同じ岡崎エリアの京都市京セラ美術館では、浮世絵の歌川国芳を紹介する展覧会も9月23日まで開催中です。書とあわせて、京都の美術館めぐりの一日にしてみるのもおすすめです。

京都では、寛永の文化人たちに焦点をあてた泉屋博古館の展覧会も9月5日に開幕しています。江戸時代前期と後期、それぞれの文化人の生き方を見比べてみるのも面白いかもしれません。

開催概要
- 展覧会名: 特別展「良寛さんーその人と禅ー」
- 会期: 2026年9月12日(土)〜11月8日(日)、会期中一部展示替えあり
- 会場: 細見美術館(京都市左京区岡崎最勝寺町6-3)
- 開館時間: 午前10時〜午後5時(入館は閉館30分前まで)
- 休館日: 月曜日、9月24日(木)、10月13日(火) ※9月21日(月・祝)、10月12日(月・祝)は開館
- 観覧料: 一般2,000円、学生(中学生〜大学生)1,500円、障がい者は100円引き
- 主催: 細見美術館、京都新聞
- 後援: 全国良寛会、京都市内博物館施設連絡協議会
訪れる際は、事前に開館時間や休館日を公式サイトで確認しておくと安心です。特に祝日と休館日が入れ替わる週があるため、うっかり月曜日に予定を入れて閉まっていた、ということがないよう気をつけたいところです。
訪れる時期の選び方
会期は9月12日から11月8日までと約2か月にわたるため、訪れるタイミングによって京都の風景もかなり変わってきます。展覧会が始まる9月中旬はまだ残暑が厳しい時期なので、館内でじっくり書と向き合うにはむしろ過ごしやすい選択かもしれません。一方、会期終盤の10月下旬から11月上旬にかけては、岡崎エリアも少しずつ紅葉が色づき始める時期にあたります。会期中に一部展示替えが予定されているため、前期・後期で違う作品を見比べたいという人は、公式サイトで展示替えのスケジュールを確認してから2回に分けて訪れるのも一つの楽しみ方です。

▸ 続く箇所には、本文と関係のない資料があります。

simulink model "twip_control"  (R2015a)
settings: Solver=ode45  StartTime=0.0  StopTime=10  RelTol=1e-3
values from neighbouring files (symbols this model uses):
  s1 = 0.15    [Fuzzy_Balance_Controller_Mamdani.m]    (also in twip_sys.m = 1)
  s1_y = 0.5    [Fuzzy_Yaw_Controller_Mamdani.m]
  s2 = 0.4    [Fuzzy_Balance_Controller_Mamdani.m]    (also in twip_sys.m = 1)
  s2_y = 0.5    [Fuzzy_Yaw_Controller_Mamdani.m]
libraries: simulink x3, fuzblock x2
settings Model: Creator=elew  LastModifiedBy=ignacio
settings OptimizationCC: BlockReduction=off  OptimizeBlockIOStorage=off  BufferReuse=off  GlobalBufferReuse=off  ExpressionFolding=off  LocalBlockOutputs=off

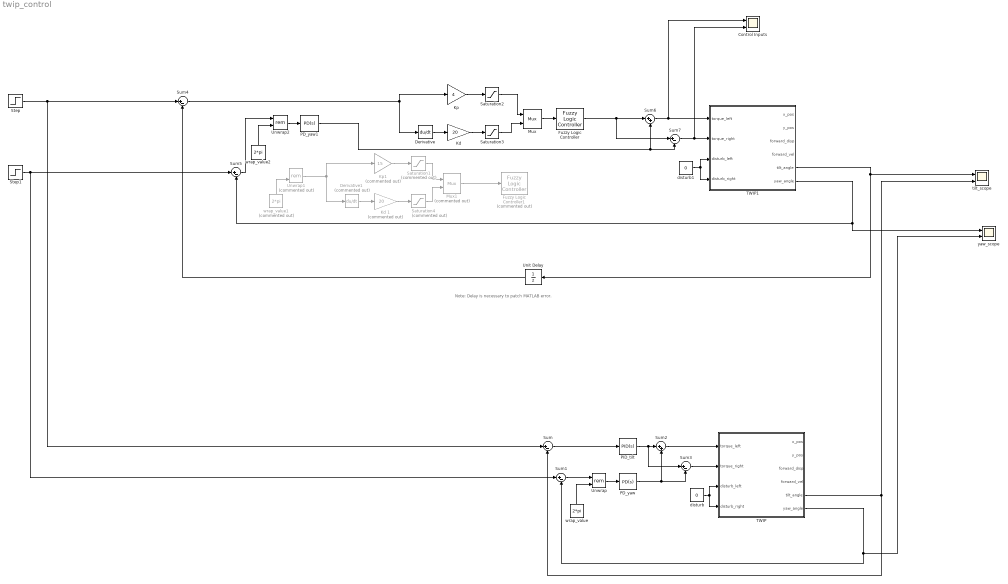
== system twip_control ==
  note: Note: Delay is necessary to patch MATLAB error.
  Control Inputs : Scope  NumInputPorts=2
      settings: YMin=-2~-2  YMax=1.5~1.5  SaveName=ScopeData2
  Derivative : Derivative
  Derivative1 : Derivative  Commented=on
  Fuzzy Logic Controller : fuzblock/Fuzzy Logic  Controller  fis='Bal.fis'
  Fuzzy Logic Controller1 : fuzblock/Fuzzy Logic  Controller  Commented=on  fis='Yaw.fis'
  "Kd " : Gain  Gain=20
  Kd 1 : Gain  Commented=on  Gain=20
  Kp : Gain  Gain=4
  Kp1 : Gain  Commented=on  Gain=15
  Mux : Mux  Inputs=2
      settings: DisplayOption=signals
  Mux1 : Mux  Commented=on  Inputs=2
      settings: DisplayOption=signals
  PD_yaw : simulink/Continuous/PID Controller  Controller=PD  TimeDomain=Continuous-time  SampleTime=-1  IntegratorMethod=Forward Euler  FilterMethod=Forward Euler  Form=Parallel  UseFilter=on  ControllerParametersSource=internal  P=25  I=100  D=1  N=100  InitialConditionSource=internal  InitialConditionForIntegrator=0  InitialConditionForFilter=0  ExternalReset=none  LimitOutput=off  UpperSaturationLimit=inf  LowerSaturationLimit=-inf  LinearizeAsGain=on  AntiWindupMode=none  Kb=1  TrackingMode=off  Kt=1  PParamMin=[]  PParamMax=[]  IParamMin=[]  IParamMax=[]  DParamMin=[]  DParamMax=[]  NParamMin=[]  NParamMax=[]  KbParamMin=[]  KbParamMax=[]  KtParamMin=[]  KtParamMax=[]  POutMin=[]  POutMax=[]  IOutMin=[]  IOutMax=[]  DOutMin=[]  DOutMax=[]  NOutMin=[]  NOutMax=[]  KbOutMin=[]  KbOutMax=[]  KtOutMin=[]  KtOutMax=[]  IntegratorOutMin=[]  IntegratorOutMax=[]  FilterOutMin=[]  FilterOutMax=[]  SumOutMin=[]  SumOutMax=[]  SumI1OutMin=[]  SumI1OutMax=[]  SumI2OutMin=[]  SumI2OutMax=[]  SumI3OutMin=[]  SumI3OutMax=[]  SumDOutMin=[]  SumDOutMax=[]  SaturationOutMin=[]  SaturationOutMax=[]  IntegratorContinuousStateAttributes=''  IntegratorStateMustResolveToSignalObject=off  IntegratorRTWStateStorageClass=Auto  FilterContinuousStateAttributes=''  FilterStateMustResolveToSignalObject=off  FilterRTWStateStorageClass=Auto  DifferentiatorICPrevScaledInput=0  DifferentiatorOutMin=[]  DifferentiatorOutMax=[]
  PD_yaw1 : simulink/Continuous/PID Controller  Controller=PD  TimeDomain=Continuous-time  SampleTime=-1  IntegratorMethod=Forward Euler  FilterMethod=Forward Euler  Form=Parallel  UseFilter=on  ControllerParametersSource=internal  P=25  I=100  D=1  N=100  InitialConditionSource=internal  InitialConditionForIntegrator=0  InitialConditionForFilter=0  ExternalReset=none  LimitOutput=off  UpperSaturationLimit=inf  LowerSaturationLimit=-inf  LinearizeAsGain=on  AntiWindupMode=none  Kb=1  TrackingMode=off  Kt=1  PParamMin=[]  PParamMax=[]  IParamMin=[]  IParamMax=[]  DParamMin=[]  DParamMax=[]  NParamMin=[]  NParamMax=[]  KbParamMin=[]  KbParamMax=[]  KtParamMin=[]  KtParamMax=[]  POutMin=[]  POutMax=[]  IOutMin=[]  IOutMax=[]  DOutMin=[]  DOutMax=[]  NOutMin=[]  NOutMax=[]  KbOutMin=[]  KbOutMax=[]  KtOutMin=[]  KtOutMax=[]  IntegratorOutMin=[]  IntegratorOutMax=[]  FilterOutMin=[]  FilterOutMax=[]  SumOutMin=[]  SumOutMax=[]  SumI1OutMin=[]  SumI1OutMax=[]  SumI2OutMin=[]  SumI2OutMax=[]  SumI3OutMin=[]  SumI3OutMax=[]  SumDOutMin=[]  SumDOutMax=[]  SaturationOutMin=[]  SaturationOutMax=[]  IntegratorContinuousStateAttributes=''  IntegratorStateMustResolveToSignalObject=off  IntegratorRTWStateStorageClass=Auto  FilterContinuousStateAttributes=''  FilterStateMustResolveToSignalObject=off  FilterRTWStateStorageClass=Auto  DifferentiatorICPrevScaledInput=0  DifferentiatorOutMin=[]  DifferentiatorOutMax=[]
  PID_tilt : simulink/Continuous/PID Controller  Controller=PID  TimeDomain=Continuous-time  SampleTime=-1  IntegratorMethod=Forward Euler  FilterMethod=Forward Euler  Form=Parallel  UseFilter=on  ControllerParametersSource=internal  P=50  I=100  D=2  N=100  InitialConditionSource=internal  InitialConditionForIntegrator=0  InitialConditionForFilter=0  ExternalReset=none  LimitOutput=off  UpperSaturationLimit=inf  LowerSaturationLimit=-inf  LinearizeAsGain=on  AntiWindupMode=none  Kb=1  TrackingMode=off  Kt=1  PParamMin=[]  PParamMax=[]  IParamMin=[]  IParamMax=[]  DParamMin=[]  DParamMax=[]  NParamMin=[]  NParamMax=[]  KbParamMin=[]  KbParamMax=[]  KtParamMin=[]  KtParamMax=[]  POutMin=[]  POutMax=[]  IOutMin=[]  IOutMax=[]  DOutMin=[]  DOutMax=[]  NOutMin=[]  NOutMax=[]  KbOutMin=[]  KbOutMax=[]  KtOutMin=[]  KtOutMax=[]  IntegratorOutMin=[]  IntegratorOutMax=[]  FilterOutMin=[]  FilterOutMax=[]  SumOutMin=[]  SumOutMax=[]  SumI1OutMin=[]  SumI1OutMax=[]  SumI2OutMin=[]  SumI2OutMax=[]  SumI3OutMin=[]  SumI3OutMax=[]  SumDOutMin=[]  SumDOutMax=[]  SaturationOutMin=[]  SaturationOutMax=[]  IntegratorContinuousStateAttributes=''  IntegratorStateMustResolveToSignalObject=off  IntegratorRTWStateStorageClass=Auto  FilterContinuousStateAttributes=''  FilterStateMustResolveToSignalObject=off  FilterRTWStateStorageClass=Auto  DifferentiatorICPrevScaledInput=0  DifferentiatorOutMin=[]  DifferentiatorOutMax=[]
  Saturation1 : Saturate  Commented=on  UpperLimit=1*s1_y  LowerLimit=-1*s1_y  ZeroCross=off
  Saturation2 : Saturate  UpperLimit=6*s1  LowerLimit=-6*s1  ZeroCross=off
  Saturation3 : Saturate  UpperLimit=2*s2  LowerLimit=-2*s2  ZeroCross=off
  Saturation4 : Saturate  Commented=on  UpperLimit=1*s2_y  LowerLimit=-1*s2_y  ZeroCross=off
  Step : Step  After=-0.3  SampleTime=0
  Step1 : Step  After=0.1  SampleTime=0
  Sum{,1,3..5,7} (6 alike) : Sum  Inputs=|+-
  Sum2 : Sum  Inputs=|++
  Sum6 : Sum  Inputs=|++
  TWIP : Subsystem
      mask Display:
      | image('twip_mask.png')
      | port_label('input', 1, 'torque_l')
      | port_label('input', 2, 'torque_r')
      | port_label('input', 3, 'disturb_l')
      | port_label('input', 4, 'disturb_r')
      | 
      | 
      | port_label('output', 1, 'x_pos')
      | port_label('output', 2, 'y_pos')
      | port_label('output', 3, 'disp')
      | port_label('output', 4, 'vel')
      | port_label('output', 5, 'tilt')
      | port_label('output', 6, 'yaw')
  TWIP1 : Subsystem
      mask Display:
      | image('twip_mask.png')
      | port_label('input', 1, 'torque_l')
      | port_label('input', 2, 'torque_r')
      | port_label('input', 3, 'disturb_l')
      | port_label('input', 4, 'disturb_r')
      | 
      | 
      | port_label('output', 1, 'x_pos')
      | port_label('output', 2, 'y_pos')
      | port_label('output', 3, 'disp')
      | port_label('output', 4, 'vel')
      | port_label('output', 5, 'tilt')
      | port_label('output', 6, 'yaw')
  Unit Delay : UnitDelay  SampleTime=0.01
  Unwrap : Math  Operator=rem  SaturateOnIntegerOverflow=on
  Unwrap1 : Math  Commented=on  Operator=rem  SaturateOnIntegerOverflow=on
  Unwrap2 : Math  Operator=rem  SaturateOnIntegerOverflow=on
  disturb : Constant  Value=0
  disturb1 : Constant  Value=0
  "tilt_scope " : Scope  NumInputPorts=2
      settings: ShowLegends=on  TimeRange=2.2890625  YMin=-0.303~-0.301  YMax=-0.29775~-0.2915  SaveName=ScopeData4
  wrap_value : Constant  Value=2*pi
  wrap_value1 : Constant  Commented=on  Value=2*pi
  wrap_value2 : Constant  Value=2*pi
  yaw_scope : Scope  NumInputPorts=2
      settings: YMin=0.1~0.1  YMax=0.1~0.1  SaveName=ScopeData5
  wires:
  TWIP/5(tilt_angle) -> Sum/2, "tilt_scope "/2
  Sum/1 -> PID_tilt/1
  disturb/1 -> TWIP/4(disturb_right), TWIP/3(disturb_left)
  TWIP/6(yaw_angle) -> yaw_scope/2, Sum1/2
  Sum1/1 -> Unwrap/1
  Sum2/1 -> TWIP/1(torque_left)
  Sum3/1 -> TWIP/2(torque_right)
  Unwrap/1 -> PD_yaw/1
  wrap_value/1 -> Unwrap/2
  disturb1/1 -> TWIP1/4(disturb_right), TWIP1/3(disturb_left)
  Sum7/1 -> Control Inputs/2, TWIP1/2(torque_right)
  wrap_value1/1 -> Unwrap1/2
  TWIP1/5(tilt_angle) -> Unit Delay/1, "tilt_scope "/1
  Derivative/1 -> "Kd "/1
  Unit Delay/1 -> Sum4/2
  Sum4/1 -> Derivative/1, Kp/1
  Mux/1 -> Fuzzy Logic Controller/1
  Kp/1 -> Saturation2/1
  "Kd "/1 -> Saturation3/1
  Saturation2/1 -> Mux/1
  Saturation3/1 -> Mux/2
  Derivative1/1 -> Kd 1/1
  Unwrap1/1 -> Kp1/1, Derivative1/1
  Mux1/1 -> Fuzzy Logic Controller1/1
  Kp1/1 -> Saturation1/1
  Kd 1/1 -> Saturation4/1
  Saturation1/1 -> Mux1/1
  Saturation4/1 -> Mux1/2
  PID_tilt/1 -> Sum3/1, Sum2/1
  Step/1 -> Sum/1, Sum4/1
  Step1/1 -> Sum5/1, Sum1/1
  Sum5/1 -> Unwrap2/1
  Unwrap2/1 -> PD_yaw1/1
  wrap_value2/1 -> Unwrap2/2
  Fuzzy Logic Controller/1 -> Sum7/1, Sum6/1
  PD_yaw/1 -> Sum3/2, Sum2/2
  Sum6/1 -> Control Inputs/1, TWIP1/1(torque_left)
  PD_yaw1/1 -> Sum7/2, Sum6/2
  TWIP1/6(yaw_angle) -> Sum5/2, yaw_scope/1

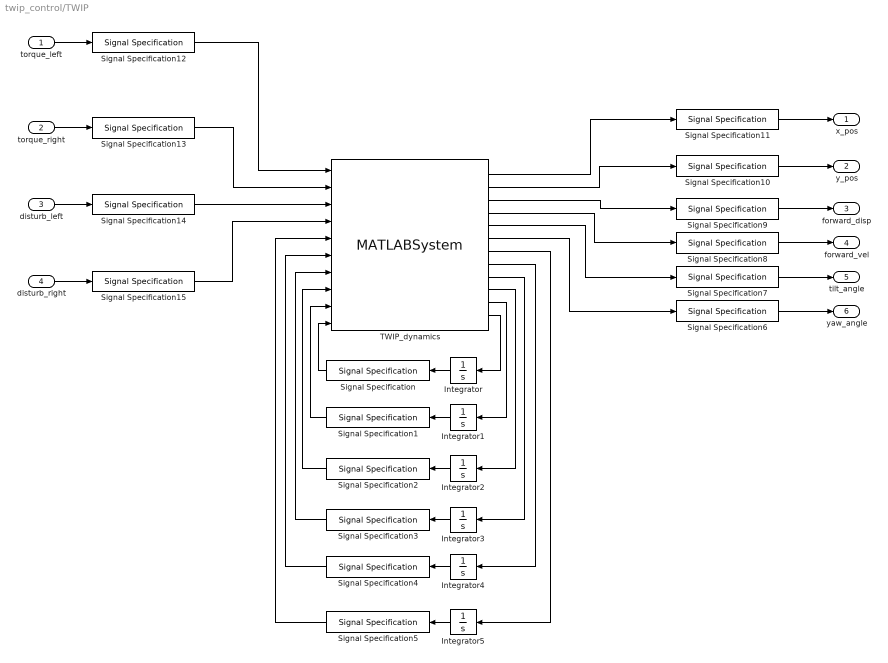
== system twip_control/TWIP ==
  torque_left : Inport
  torque_right : Inport  Port=2
  disturb_left : Inport  Port=3
  disturb_right : Inport  Port=4
  Integrator{,1..4} (5 alike) : Integrator
  Integrator5 : Integrator  InitialCondition=0.3
  Signal Specification{,1..15} (16 alike) : SignalSpecification  Dimensions=[1]
  TWIP_dynamics : MATLABSystem  System=twip_sys  M=[0.5]  Mw=[0.8]  mm=[0.5]  Iw=[0.02]  Ip=[0.06]  Imm=[0.08]  r=[0.2]  l=[0.15]  d=[0.6]  SimulateUsing=Interpreted execution
      mask Type: twip_sys
      mask Display:
      | disp('twip_sys');
      | port_label('input',1,'tl');
      | port_label('input',2,'tr');
      | port_label('input',3,'dl');
      | port_label('input',4,'dr');
      | port_label('input',5,'y1');
      | port_label('input',6,'y2');
      | port_label('input',7,'y3');
      | port_label('input',8,'y4');
      | port_label('input',9,'y5');
      | port_label('input',10,'y6');
      | port_label('output',1,'x');
      | port_label('output',2,'y');
      | port_label('output',3,'xp');
      | port_label('output',4,'v');
      | port_label('output',5,'alpha');
      | port_label('output',6,'theta');
      | port_label('output',7,'yd1');
      | port_label('output',8,'yd2');
      | port_label('output',9,'yd3');
      | port_label('output',10,'yd4');
      | port_label('output',11,'yd5');
      | port_label('output',12,'yd6');
  x_pos : Outport
  y_pos : Outport  Port=2
  forward_disp : Outport  Port=3
  forward_vel : Outport  Port=4
  tilt_angle : Outport  Port=5
  yaw_angle : Outport  Port=6
  wires:
  torque_right/1 -> Signal Specification13/1
  torque_left/1 -> Signal Specification12/1
  disturb_right/1 -> Signal Specification15/1
  disturb_left/1 -> Signal Specification14/1
  TWIP_dynamics/1 -> Signal Specification11/1
  TWIP_dynamics/2 -> Signal Specification10/1
  TWIP_dynamics/3 -> Signal Specification9/1
  TWIP_dynamics/4 -> Signal Specification8/1
  TWIP_dynamics/5 -> Signal Specification7/1
  TWIP_dynamics/6 -> Signal Specification6/1
  TWIP_dynamics/12 -> Integrator/1
  Integrator/1 -> Signal Specification/1
  Integrator1/1 -> Signal Specification1/1
  Integrator2/1 -> Signal Specification2/1
  Integrator3/1 -> Signal Specification3/1
  Integrator4/1 -> Signal Specification4/1
  Integrator5/1 -> Signal Specification5/1
  TWIP_dynamics/11 -> Integrator1/1
  TWIP_dynamics/10 -> Integrator2/1
  TWIP_dynamics/9 -> Integrator3/1
  TWIP_dynamics/8 -> Integrator4/1
  TWIP_dynamics/7 -> Integrator5/1
  Signal Specification/1 -> TWIP_dynamics/10
  Signal Specification1/1 -> TWIP_dynamics/9
  Signal Specification2/1 -> TWIP_dynamics/8
  Signal Specification3/1 -> TWIP_dynamics/7
  Signal Specification4/1 -> TWIP_dynamics/6
  Signal Specification5/1 -> TWIP_dynamics/5
  Signal Specification6/1 -> yaw_angle/1
  Signal Specification7/1 -> tilt_angle/1
  Signal Specification8/1 -> forward_vel/1
  Signal Specification9/1 -> forward_disp/1
  Signal Specification10/1 -> y_pos/1
  Signal Specification11/1 -> x_pos/1
  Signal Specification12/1 -> TWIP_dynamics/1
  Signal Specification13/1 -> TWIP_dynamics/2
  Signal Specification14/1 -> TWIP_dynamics/3
  Signal Specification15/1 -> TWIP_dynamics/4

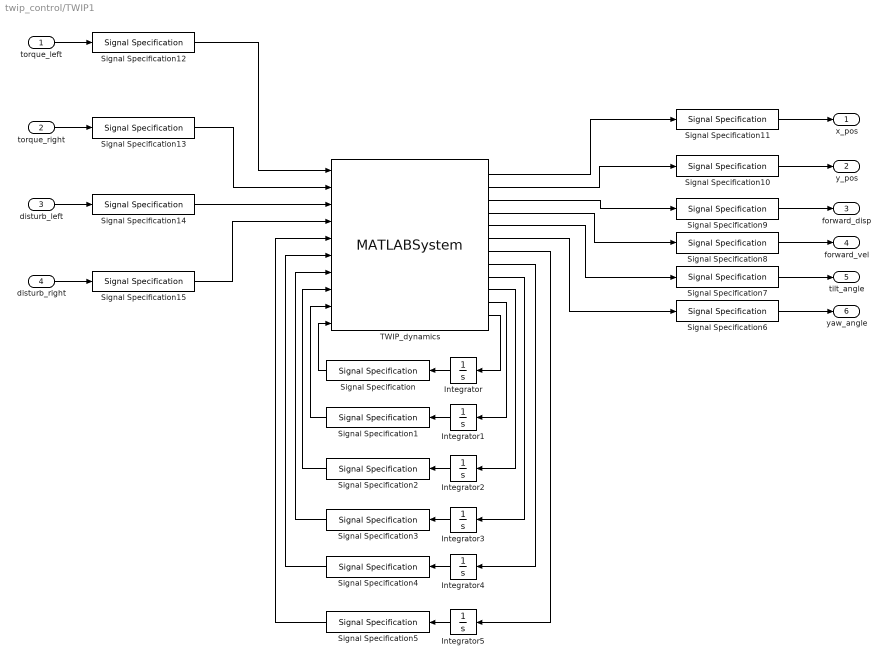
== system twip_control/TWIP1 ==
  torque_left : Inport
  torque_right : Inport  Port=2
  disturb_left : Inport  Port=3
  disturb_right : Inport  Port=4
  Integrator{,1..4} (5 alike) : Integrator
  Integrator5 : Integrator  InitialCondition=0.3
  Signal Specification{,1..15} (16 alike) : SignalSpecification  Dimensions=[1]
  TWIP_dynamics : MATLABSystem  System=twip_sys  M=[0.5]  Mw=[0.8]  mm=[0.5]  Iw=[0.02]  Ip=[0.06]  Imm=[0.08]  r=[0.2]  l=[0.15]  d=[0.6]  SimulateUsing=Interpreted execution
      mask Type: twip_sys
      mask Display:
      | disp('twip_sys');
      | port_label('input',1,'tl');
      | port_label('input',2,'tr');
      | port_label('input',3,'dl');
      | port_label('input',4,'dr');
      | port_label('input',5,'y1');
      | port_label('input',6,'y2');
      | port_label('input',7,'y3');
      | port_label('input',8,'y4');
      | port_label('input',9,'y5');
      | port_label('input',10,'y6');
      | port_label('output',1,'x');
      | port_label('output',2,'y');
      | port_label('output',3,'xp');
      | port_label('output',4,'v');
      | port_label('output',5,'alpha');
      | port_label('output',6,'theta');
      | port_label('output',7,'yd1');
      | port_label('output',8,'yd2');
      | port_label('output',9,'yd3');
      | port_label('output',10,'yd4');
      | port_label('output',11,'yd5');
      | port_label('output',12,'yd6');
  x_pos : Outport
  y_pos : Outport  Port=2
  forward_disp : Outport  Port=3
  forward_vel : Outport  Port=4
  tilt_angle : Outport  Port=5
  yaw_angle : Outport  Port=6
  wires:
  torque_right/1 -> Signal Specification13/1
  torque_left/1 -> Signal Specification12/1
  disturb_right/1 -> Signal Specification15/1
  disturb_left/1 -> Signal Specification14/1
  TWIP_dynamics/1 -> Signal Specification11/1
  TWIP_dynamics/2 -> Signal Specification10/1
  TWIP_dynamics/3 -> Signal Specification9/1
  TWIP_dynamics/4 -> Signal Specification8/1
  TWIP_dynamics/5 -> Signal Specification7/1
  TWIP_dynamics/6 -> Signal Specification6/1
  TWIP_dynamics/12 -> Integrator/1
  Integrator/1 -> Signal Specification/1
  Integrator1/1 -> Signal Specification1/1
  Integrator2/1 -> Signal Specification2/1
  Integrator3/1 -> Signal Specification3/1
  Integrator4/1 -> Signal Specification4/1
  Integrator5/1 -> Signal Specification5/1
  TWIP_dynamics/11 -> Integrator1/1
  TWIP_dynamics/10 -> Integrator2/1
  TWIP_dynamics/9 -> Integrator3/1
  TWIP_dynamics/8 -> Integrator4/1
  TWIP_dynamics/7 -> Integrator5/1
  Signal Specification/1 -> TWIP_dynamics/10
  Signal Specification1/1 -> TWIP_dynamics/9
  Signal Specification2/1 -> TWIP_dynamics/8
  Signal Specification3/1 -> TWIP_dynamics/7
  Signal Specification4/1 -> TWIP_dynamics/6
  Signal Specification5/1 -> TWIP_dynamics/5
  Signal Specification6/1 -> yaw_angle/1
  Signal Specification7/1 -> tilt_angle/1
  Signal Specification8/1 -> forward_vel/1
  Signal Specification9/1 -> forward_disp/1
  Signal Specification10/1 -> y_pos/1
  Signal Specification11/1 -> x_pos/1
  Signal Specification12/1 -> TWIP_dynamics/1
  Signal Specification13/1 -> TWIP_dynamics/2
  Signal Specification14/1 -> TWIP_dynamics/3
  Signal Specification15/1 -> TWIP_dynamics/4

観覧料は一般2,000円、学生(中学生〜大学生)1,500円と、特別展としては標準的な価格帯です。障がい者手帳を提示すると100円引きになるなど、細かな割引制度も用意されているので、来館前に公式サイトの最新情報を確認しておくとスムーズです。
まとめ
- 細見美術館(京都・岡崎)で特別展「良寛さんーその人と禅ー」が2026年9月12日(土)〜11月8日(日)に開催される
- 寺を持たず托鉢で暮らした禅僧・良寛の生涯を、書・和歌・漢詩を通じて3章構成でたどる内容
- 長く公開されてこなかった《凧文字 天上大風》《長歌 月の兎》などが出品される
- 会場は京都市京セラ美術館などが集まる岡崎エリアにあり、周辺の美術館めぐりとあわせて楽しみやすい
肩書きや持ち物を手放して、それでも豊かに生きた良寛さんの姿は、何かと忙しい日々を送る私たちにとっても、ふと立ち止まるきっかけをくれる気がします。秋の京都散策の予定に、ぜひ組み込んでみてください。